In the structure theory for connected reductive groups over a field $k$, the Levi factors of the minimal parabolic $k$-subgroups are precisely the centralizers of the maximal $k$-split tori, and a parabolic $k$-subgroup is a Borel subgroup precisely when its Levi factors (or better: its quotient by its unipotent radical) is commutative. Hence, $G$ is quasi-split if and only if ${\rm{SO}}(Q_0)$ is commutative, which is to say $\dim V_0 \le 2$.

Returning now to the motivating situation over $\mathbf{R}$, the signature of $(V_0, Q_0)$ is clearly $(r+d_0,r)$ or $(r, r+d_0)$ where $d_0 = \dim V_0$ and the two options for the signature correspond respectively to the $\mathbf{R}$-anisotropic $(V_0, Q_0)$ being positive-definite or negative-definite. Hence, in terms of the classical notation ${\rm{SO}}(p,q)$ clearly $|p-q| = d_0$, so we have proved that $G$ is quasi-split if and only if $|p-q| \le 2$.

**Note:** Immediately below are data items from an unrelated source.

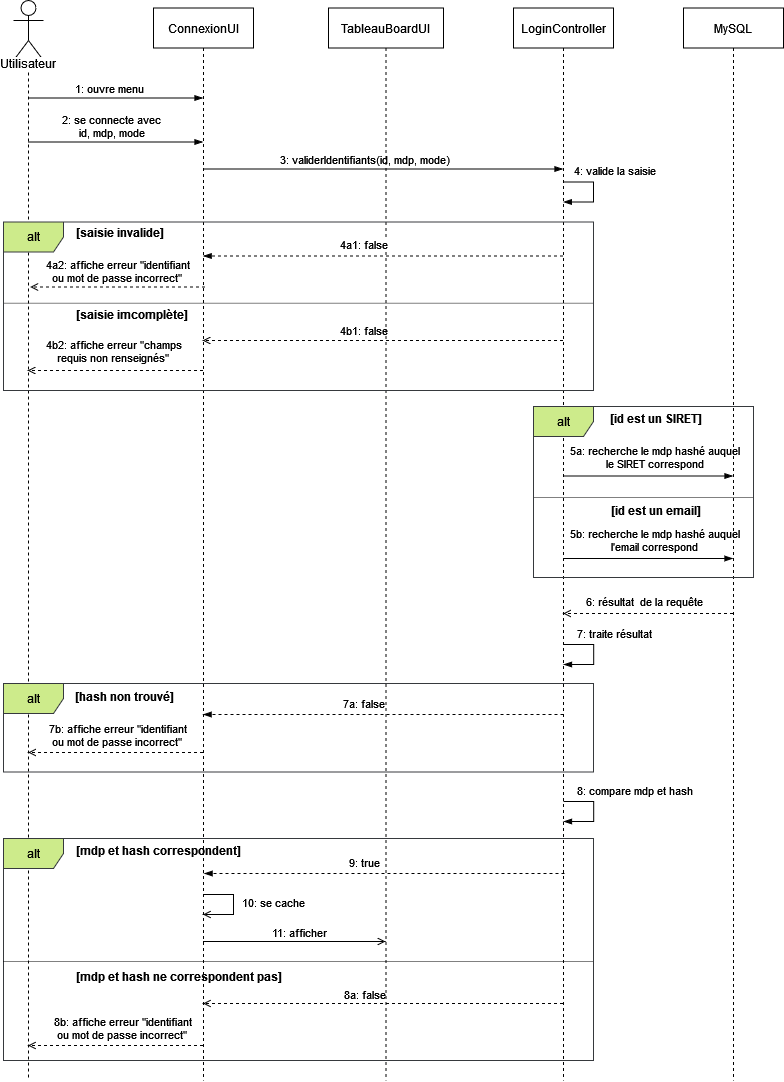

The diagram above was exported from draw.io. Its source (the exported page's mxGraphModel, read from the mxfile embedded in the PNG):
<mxGraphModel dx="1191" dy="1129" grid="1" gridSize="10" guides="1" tooltips="1" connect="1" arrows="1" fold="1" page="1" pageScale="1" pageWidth="850" pageHeight="1100" math="0" shadow="0">
  <root>
    <mxCell id="0" />
    <mxCell id="1" parent="0" />
    <mxCell id="7wExz3xJK0B7MYchon4w-28" value="Utilisateur" style="shape=umlLifeline;participant=umlActor;perimeter=lifelinePerimeter;whiteSpace=wrap;html=1;container=1;collapsible=0;recursiveResize=0;verticalAlign=top;spacingTop=50;outlineConnect=0;labelBackgroundColor=default;rounded=0;size=60;" vertex="1" parent="1">
      <mxGeometry x="40" y="20" width="30" height="1080" as="geometry" />
    </mxCell>
    <mxCell id="7wExz3xJK0B7MYchon4w-72" value="alt" style="shape=umlFrame;whiteSpace=wrap;html=1;rounded=0;labelBackgroundColor=none;fillColor=#cdeb8b;strokeColor=#36393d;sketch=0;" vertex="1" parent="1">
      <mxGeometry x="30" y="858" width="590" height="222" as="geometry" />
    </mxCell>
    <mxCell id="7wExz3xJK0B7MYchon4w-65" value="alt" style="shape=umlFrame;whiteSpace=wrap;html=1;rounded=0;labelBackgroundColor=none;fillColor=#cdeb8b;strokeColor=#36393d;sketch=0;" vertex="1" parent="1">
      <mxGeometry x="30" y="703" width="590" height="88.5" as="geometry" />
    </mxCell>
    <mxCell id="7wExz3xJK0B7MYchon4w-86" style="edgeStyle=none;rounded=0;jumpStyle=none;orthogonalLoop=1;jettySize=auto;html=1;strokeColor=default;endArrow=open;endFill=0;dashed=1;" edge="1" parent="1">
      <mxGeometry relative="1" as="geometry">
        <mxPoint x="589.5" y="1023" as="sourcePoint" />
        <mxPoint x="229.5" y="1023" as="targetPoint" />
        <Array as="points">
          <mxPoint x="340" y="1023" />
        </Array>
      </mxGeometry>
    </mxCell>
    <mxCell id="7wExz3xJK0B7MYchon4w-87" value="8a: false" style="edgeLabel;html=1;align=center;verticalAlign=middle;resizable=0;points=[];" vertex="1" connectable="0" parent="7wExz3xJK0B7MYchon4w-86">
      <mxGeometry x="0.1861" relative="1" as="geometry">
        <mxPoint x="14" y="-10" as="offset" />
      </mxGeometry>
    </mxCell>
    <mxCell id="7wExz3xJK0B7MYchon4w-94" style="edgeStyle=none;rounded=0;jumpStyle=none;orthogonalLoop=1;jettySize=auto;html=1;dashed=1;strokeColor=default;endArrow=open;endFill=0;" edge="1" parent="1" source="7wExz3xJK0B7MYchon4w-13" target="7wExz3xJK0B7MYchon4w-10">
      <mxGeometry relative="1" as="geometry">
        <Array as="points">
          <mxPoint x="330" y="360" />
        </Array>
      </mxGeometry>
    </mxCell>
    <mxCell id="7wExz3xJK0B7MYchon4w-96" value="4b1: false" style="edgeLabel;html=1;align=center;verticalAlign=middle;resizable=0;points=[];" vertex="1" connectable="0" parent="7wExz3xJK0B7MYchon4w-94">
      <mxGeometry x="0.22" relative="1" as="geometry">
        <mxPoint x="20" y="-11" as="offset" />
      </mxGeometry>
    </mxCell>
    <mxCell id="7wExz3xJK0B7MYchon4w-13" value="LoginController" style="shape=umlLifeline;perimeter=lifelinePerimeter;whiteSpace=wrap;html=1;container=1;collapsible=0;recursiveResize=0;outlineConnect=0;labelBackgroundColor=default;" vertex="1" parent="1">
      <mxGeometry x="540" y="27.5" width="100" height="1072.5" as="geometry" />
    </mxCell>
    <mxCell id="7wExz3xJK0B7MYchon4w-38" style="edgeStyle=none;rounded=0;jumpStyle=none;orthogonalLoop=1;jettySize=auto;html=1;strokeColor=default;endArrow=blockThin;endFill=1;" edge="1" parent="7wExz3xJK0B7MYchon4w-13">
      <mxGeometry relative="1" as="geometry">
        <mxPoint x="49.810344827586164" y="468" as="sourcePoint" />
        <mxPoint x="219.5" y="468" as="targetPoint" />
        <Array as="points">
          <mxPoint x="130" y="468" />
        </Array>
      </mxGeometry>
    </mxCell>
    <mxCell id="7wExz3xJK0B7MYchon4w-40" value="&lt;div&gt;5a: recherche le mdp hashé auquel&lt;/div&gt;&lt;div&gt;le SIRET correspond&lt;/div&gt;" style="edgeLabel;html=1;align=center;verticalAlign=middle;resizable=0;points=[];" vertex="1" connectable="0" parent="7wExz3xJK0B7MYchon4w-38">
      <mxGeometry x="-0.1792" relative="1" as="geometry">
        <mxPoint x="20" y="-19" as="offset" />
      </mxGeometry>
    </mxCell>
    <mxCell id="7wExz3xJK0B7MYchon4w-55" style="edgeStyle=none;rounded=0;jumpStyle=none;orthogonalLoop=1;jettySize=auto;html=1;strokeColor=default;endArrow=blockThin;endFill=1;" edge="1" parent="7wExz3xJK0B7MYchon4w-13">
      <mxGeometry relative="1" as="geometry">
        <mxPoint x="50.000344827586105" y="550.5" as="sourcePoint" />
        <mxPoint x="219.50000000000023" y="550.5" as="targetPoint" />
        <Array as="points">
          <mxPoint x="130.19000000000005" y="550.5" />
        </Array>
      </mxGeometry>
    </mxCell>
    <mxCell id="7wExz3xJK0B7MYchon4w-56" value="&lt;div&gt;5b: recherche le mdp hashé auquel&lt;/div&gt;&lt;div&gt;l'email correspond&lt;/div&gt;" style="edgeLabel;html=1;align=center;verticalAlign=middle;resizable=0;points=[];" vertex="1" connectable="0" parent="7wExz3xJK0B7MYchon4w-55">
      <mxGeometry x="-0.1792" relative="1" as="geometry">
        <mxPoint x="20" y="-19" as="offset" />
      </mxGeometry>
    </mxCell>
    <mxCell id="7wExz3xJK0B7MYchon4w-59" style="edgeStyle=none;rounded=0;jumpStyle=none;orthogonalLoop=1;jettySize=auto;html=1;dashed=1;strokeColor=default;endArrow=open;endFill=0;" edge="1" parent="7wExz3xJK0B7MYchon4w-13">
      <mxGeometry relative="1" as="geometry">
        <mxPoint x="219.50000000000023" y="605.5" as="sourcePoint" />
        <mxPoint x="49.66666666666674" y="605.5" as="targetPoint" />
      </mxGeometry>
    </mxCell>
    <mxCell id="7wExz3xJK0B7MYchon4w-60" value="6: résultat&amp;nbsp; de la requête" style="edgeLabel;html=1;align=center;verticalAlign=middle;resizable=0;points=[];" vertex="1" connectable="0" parent="7wExz3xJK0B7MYchon4w-59">
      <mxGeometry x="0.3189" relative="1" as="geometry">
        <mxPoint x="22" y="-13" as="offset" />
      </mxGeometry>
    </mxCell>
    <mxCell id="7wExz3xJK0B7MYchon4w-63" style="edgeStyle=none;rounded=0;jumpStyle=none;orthogonalLoop=1;jettySize=auto;html=1;strokeColor=default;endArrow=blockThin;endFill=1;" edge="1" parent="7wExz3xJK0B7MYchon4w-13">
      <mxGeometry relative="1" as="geometry">
        <mxPoint x="50.000344827586105" y="636.5" as="sourcePoint" />
        <mxPoint x="50.000344827586105" y="656.5" as="targetPoint" />
        <Array as="points">
          <mxPoint x="80.19000000000005" y="636.5" />
          <mxPoint x="80.19000000000005" y="656.5" />
        </Array>
      </mxGeometry>
    </mxCell>
    <mxCell id="7wExz3xJK0B7MYchon4w-64" value="7: traite résultat" style="edgeLabel;html=1;align=center;verticalAlign=middle;resizable=0;points=[];" vertex="1" connectable="0" parent="7wExz3xJK0B7MYchon4w-63">
      <mxGeometry x="0.417" y="1" relative="1" as="geometry">
        <mxPoint x="27" y="-33" as="offset" />
      </mxGeometry>
    </mxCell>
    <mxCell id="7wExz3xJK0B7MYchon4w-68" style="edgeStyle=none;rounded=0;jumpStyle=none;orthogonalLoop=1;jettySize=auto;html=1;strokeColor=default;endArrow=blockThin;endFill=1;dashed=1;" edge="1" parent="7wExz3xJK0B7MYchon4w-13">
      <mxGeometry relative="1" as="geometry">
        <mxPoint x="50" y="706.5" as="sourcePoint" />
        <mxPoint x="-310.4090909090909" y="706.5" as="targetPoint" />
      </mxGeometry>
    </mxCell>
    <mxCell id="7wExz3xJK0B7MYchon4w-69" value="7a: false" style="edgeLabel;html=1;align=center;verticalAlign=middle;resizable=0;points=[];" vertex="1" connectable="0" parent="7wExz3xJK0B7MYchon4w-68">
      <mxGeometry x="0.3543" y="-1" relative="1" as="geometry">
        <mxPoint x="44" y="-11" as="offset" />
      </mxGeometry>
    </mxCell>
    <mxCell id="7wExz3xJK0B7MYchon4w-70" style="edgeStyle=none;rounded=0;jumpStyle=none;orthogonalLoop=1;jettySize=auto;html=1;strokeColor=default;endArrow=blockThin;endFill=1;" edge="1" parent="7wExz3xJK0B7MYchon4w-13">
      <mxGeometry relative="1" as="geometry">
        <mxPoint x="50.000344827586105" y="793.5" as="sourcePoint" />
        <mxPoint x="50.000344827586105" y="813.5" as="targetPoint" />
        <Array as="points">
          <mxPoint x="80.19000000000005" y="793.5" />
          <mxPoint x="80.19000000000005" y="813.5" />
        </Array>
      </mxGeometry>
    </mxCell>
    <mxCell id="7wExz3xJK0B7MYchon4w-71" value="8: compare mdp et hash" style="edgeLabel;html=1;align=center;verticalAlign=middle;resizable=0;points=[];" vertex="1" connectable="0" parent="7wExz3xJK0B7MYchon4w-70">
      <mxGeometry x="0.417" y="1" relative="1" as="geometry">
        <mxPoint x="47" y="-33" as="offset" />
      </mxGeometry>
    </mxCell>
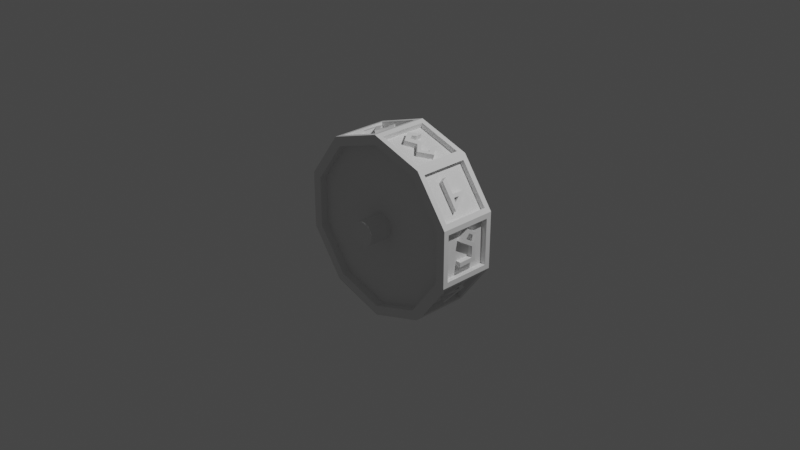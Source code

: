 # Source: wheel.blend  (saved by Blender 3.3.6; exported with 4.5.12 LTS)
import bpy
from mathutils import Matrix  # noqa: F401  (used for matrix-valued properties, if any)

bpy.ops.wm.read_factory_settings(use_empty=True)
scene = bpy.context.scene
scene.name = 'Scene'

# ---- collections
col_collection = bpy.data.collections.new('Collection'); scene.collection.children.link(col_collection)

# ---- world
world_world = bpy.data.worlds.new('World'); scene.world = world_world
world_world.use_nodes = True; world_world.node_tree.nodes.clear()
_N = world_world.node_tree.nodes; _L = world_world.node_tree.links
n0 = _N.new('ShaderNodeOutputWorld'); n0.name = 'World Output'; n0.location = (300, 300)
n1 = _N.new('ShaderNodeBackground'); n1.name = 'Background'; n1.location = (10, 300)
n1.inputs[0].default_value = (0.05088, 0.05088, 0.05088, 1.0)
_L.new(n1.outputs[0], n0.inputs[0])
n0.is_active_output = True
world_world.color = (0.05088, 0.05088, 0.05088)
world_world.use_sun_shadow = False
world_world.sun_shadow_jitter_overblur = 0.0

# ---- cameras
cam_camera = bpy.data.cameras.new('Camera')
cam_camera.clip_end = 100.0
cam_camera.ortho_scale = 7.314

# ---- lights
light_light = bpy.data.lights.new('Light', 'POINT')
light_light.transmission_factor = 0.0
light_light.energy = 1000.0
light_light.shadow_soft_size = 0.1
light_light.shadow_maximum_resolution = 0.006
light_light.use_absolute_resolution = True

# ---- meshes
me_cylinder = bpy.data.meshes.new('Cylinder')
me_cylinder.from_pydata([(0.0, 1.0, -0.3187), (0.0, 1.0, 0.3187), (0.5878, 0.809, -0.3187), (0.5878, 0.809, 0.3187), (0.9511, 0.309, -0.3187), (0.9511, 0.309, 0.3187), (0.9511, -0.309, -0.3187), (0.9511, -0.309, 0.3187), (0.5878, -0.809, -0.3187), (0.5878, -0.809, 0.3187), (0.0, -1.0, -0.3187), (0.0, -1.0, 0.3187), (-0.5878, -0.809, -0.3187), (-0.5878, -0.809, 0.3187), (-0.9511, -0.309, -0.3187), (-0.9511, -0.309, 0.3187), (-0.9511, 0.309, -0.3187), (-0.9511, 0.309, 0.3187), (-0.5878, 0.809, -0.3187), (-0.5878, 0.809, 0.3187), (0.05421, 0.9824, -0.2617), (0.05421, 0.9824, 0.2617), (0.5336, 0.8266, 0.2617), (0.5336, 0.8266, -0.2617), (0.6213, 0.7629, -0.2617), (0.6213, 0.7629, 0.2617), (0.9176, 0.3551, 0.2617), (0.9176, 0.3551, -0.2617), (0.9511, 0.252, -0.2617), (0.9511, 0.252, 0.2617), (0.9511, -0.252, 0.2617), (0.9511, -0.252, -0.2617), (0.9176, -0.3551, -0.2617), (0.9176, -0.3551, 0.2617), (0.6213, -0.7629, 0.2617), (0.6213, -0.7629, -0.2617), (0.5336, -0.8266, -0.2617), (0.5336, -0.8266, 0.2617), (0.05421, -0.9824, 0.2617), (0.05421, -0.9824, -0.2617), (-0.05421, -0.9824, -0.2617), (-0.05421, -0.9824, 0.2617), (-0.5336, -0.8266, 0.2617), (-0.5336, -0.8266, -0.2617), (-0.6213, -0.7629, -0.2617), (-0.6213, -0.7629, 0.2617), (-0.9176, -0.3551, 0.2617), (-0.9176, -0.3551, -0.2617), (-0.9511, -0.252, -0.2617), (-0.9511, -0.252, 0.2617), (-0.9511, 0.252, 0.2617), (-0.9511, 0.252, -0.2617), (-0.9176, 0.3551, -0.2617), (-0.9176, 0.3551, 0.2617), (-0.6213, 0.7629, 0.2617), (-0.6213, 0.7629, -0.2617), (-0.5336, 0.8266, -0.2617), (-0.5336, 0.8266, 0.2617), (-0.05421, 0.9824, 0.2617), (-0.05421, 0.9824, -0.2617), (0.03628, 0.9272, -0.2617), (0.03628, 0.9272, 0.2617), (0.5156, 0.7714, -0.2617), (0.5156, 0.7714, 0.2617), (0.5743, 0.7288, 0.2617), (0.5743, 0.7288, -0.2617), (0.8706, 0.321, -0.2617), (0.8706, 0.321, 0.2617), (0.893, 0.252, 0.2617), (0.893, 0.252, -0.2617), (0.893, -0.252, -0.2617), (0.893, -0.252, 0.2617), (0.8706, -0.321, 0.2617), (0.8706, -0.321, -0.2617), (0.5743, -0.7288, -0.2617), (0.5743, -0.7288, 0.2617), (0.5156, -0.7714, 0.2617), (0.5156, -0.7714, -0.2617), (0.03628, -0.9272, -0.2617), (0.03628, -0.9272, 0.2617), (-0.03628, -0.9272, 0.2617), (-0.03628, -0.9272, -0.2617), (-0.5156, -0.7714, -0.2617), (-0.5156, -0.7714, 0.2617), (-0.5743, -0.7288, 0.2617), (-0.5743, -0.7288, -0.2617), (-0.8706, -0.321, -0.2617), (-0.8706, -0.321, 0.2617), (-0.893, -0.252, 0.2617), (-0.893, -0.252, -0.2617), (-0.893, 0.252, -0.2617), (-0.893, 0.252, 0.2617), (-0.8706, 0.321, 0.2617), (-0.8706, 0.321, -0.2617), (-0.5743, 0.7288, -0.2617), (-0.5743, 0.7288, 0.2617), (-0.5156, 0.7714, 0.2617), (-0.5156, 0.7714, -0.2617), (-0.03628, 0.9272, -0.2617), (-0.03628, 0.9272, 0.2617), (-0.893, 0.1884, -0.006391), (-0.893, 0.0148, -0.1431), (-0.893, -0.1836, -0.002073), (-0.893, 0.001534, 0.126), (-0.893, 0.09614, -0.005551), (-0.893, 0.01298, -0.071), (-0.893, -0.08684, -0.001816), (-0.893, 0.006324, 0.06619), (-0.9482, 0.1884, -0.006391), (-0.9482, 0.0148, -0.1431), (-0.9482, -0.1836, -0.002073), (-0.9482, 0.001534, 0.126), (-0.9482, 0.09614, -0.005551), (-0.9482, 0.01298, -0.071), (-0.9482, -0.08684, -0.001816), (-0.9482, 0.006324, 0.06619), (-0.6163, 0.671, 0.01933), (-0.6481, 0.6273, -0.03004), (-0.8104, 0.4038, -0.02914), (-0.8105, 0.4038, 0.0247), (-0.6602, 0.7029, 0.01933), (-0.692, 0.6592, -0.03004), (-0.8544, 0.4357, -0.02914), (-0.8544, 0.4357, 0.0247), (-0.2005, 0.8739, -0.1478), (-0.09189, 0.9091, -0.03267), (-0.2112, 0.8704, 0.1183), (-0.3569, 0.823, -0.02855), (-0.3564, 0.8232, 0.1253), (-0.4038, 0.8078, 0.08526), (-0.4028, 0.8081, -0.09164), (-0.3569, 0.823, -0.1161), (-0.2232, 0.8665, 0.03906), (-0.1639, 0.8857, -0.02508), (-0.2053, 0.8723, -0.0619), (-0.2175, 0.9264, -0.1478), (-0.109, 0.9617, -0.03267), (-0.2283, 0.9229, 0.1183), (-0.374, 0.8756, -0.02855), (-0.3735, 0.8757, 0.1253), (-0.4209, 0.8603, 0.08526), (-0.4199, 0.8606, -0.09164), (-0.374, 0.8756, -0.1161), (-0.2402, 0.919, 0.03906), (-0.181, 0.9383, -0.02508), (-0.2224, 0.9248, -0.0619), (0.3644, 0.8206, -0.1255), (0.4617, 0.789, -0.009377), (0.3537, 0.8241, 0.1134), (0.2655, 0.8527, 0.02646), (0.1696, 0.8839, 0.1065), (0.08312, 0.912, -0.02008), (0.1612, 0.8866, -0.1316), (0.1703, 0.8837, -0.05771), (0.1422, 0.8928, -0.01653), (0.1742, 0.8824, 0.02819), (0.2536, 0.8566, -0.04741), (0.3502, 0.8252, 0.05823), (0.3993, 0.8092, -0.004838), (0.358, 0.8227, -0.06113), (0.3821, 0.8751, -0.1255), (0.4794, 0.8435, -0.009377), (0.3714, 0.8786, 0.1134), (0.2832, 0.9073, 0.02646), (0.1873, 0.9384, 0.1065), (0.1008, 0.9665, -0.02008), (0.1789, 0.9411, -0.1316), (0.188, 0.9382, -0.05771), (0.1599, 0.9473, -0.01653), (0.1919, 0.9369, 0.02819), (0.2713, 0.9111, -0.04741), (0.3679, 0.8797, 0.05823), (0.4171, 0.8638, -0.004838), (0.3757, 0.8772, -0.06113), (0.5743, 0.7288, 0.257), (0.5743, 0.7288, 0.2501), (0.5999, 0.7473, 0.2617), (0.8253, 0.3833, 0.0861), (0.7324, 0.5113, -0.125), (0.7285, 0.5167, 0.03465), (0.6282, 0.6546, 0.03104), (0.6432, 0.634, 0.08517), (0.7776, 0.4491, 0.04613), (0.7538, 0.4818, -0.02342), (0.7518, 0.4845, 0.03886), (0.871, 0.4165, 0.0861), (0.778, 0.5445, -0.125), (0.7741, 0.5499, 0.03465), (0.6739, 0.6878, 0.03104), (0.6889, 0.6671, 0.08517), (0.8232, 0.4822, 0.04613), (0.7994, 0.515, -0.02342), (0.7975, 0.5177, 0.03886), (0.893, -0.1534, 0.09442), (0.893, -0.1015, 0.0911), (0.893, -0.1015, -0.06802), (0.893, 0.01979, -0.0698), (0.893, 0.1128, 0.08192), (0.893, 0.2239, -0.01223), (0.893, 0.1423, -0.139), (0.893, 0.1398, -0.07774), (0.893, 0.1765, -0.01998), (0.893, 0.1267, 0.01533), (0.893, 0.03966, -0.1155), (0.893, -0.1455, -0.1141), (0.9489, -0.1534, 0.09442), (0.9489, -0.1015, 0.0911), (0.9489, -0.1015, -0.06802), (0.9489, 0.01979, -0.0698), (0.9489, 0.1128, 0.08192), (0.9489, 0.2239, -0.01223), (0.9489, 0.1423, -0.139), (0.9489, 0.1398, -0.07774), (0.9489, 0.1765, -0.01998), (0.9489, 0.1267, 0.01533), (0.9489, 0.03966, -0.1155), (0.9489, -0.1455, -0.1141), (0.6252, -0.6588, 0.01104), (0.7467, -0.4915, -0.143), (0.8412, -0.3615, -0.006118), (0.7577, -0.4765, 0.1291), (0.7465, -0.4918, -0.05435), (0.6516, -0.6225, 0.05265), (0.7707, -0.4585, -0.04337), (0.8054, -0.4108, -0.004777), (0.7742, -0.4538, 0.04268), (0.6701, -0.6914, 0.01104), (0.7916, -0.5242, -0.143), (0.8861, -0.3941, -0.006118), (0.8026, -0.5091, 0.1291), (0.7915, -0.5244, -0.05435), (0.6965, -0.6551, 0.05265), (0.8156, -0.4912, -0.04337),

Since the OP asked for a reference, I would like to provide some. First of all, a group is quasi-split iff its Satake diagram does not contain black dots. The list of Statake diagrams can be found in many places but most of them are difficult to understand out of context. Of the more useful kind are the tables in

Onishchik, A. L.; Vinberg, Ėrnest Borisovich (1994), Lie groups and Lie algebras III: structure of Lie groups and Lie algebras

For the theory, I found Section 29 of Daniel Bumps book on Lie groups quite useful (see in particular p. 294ff)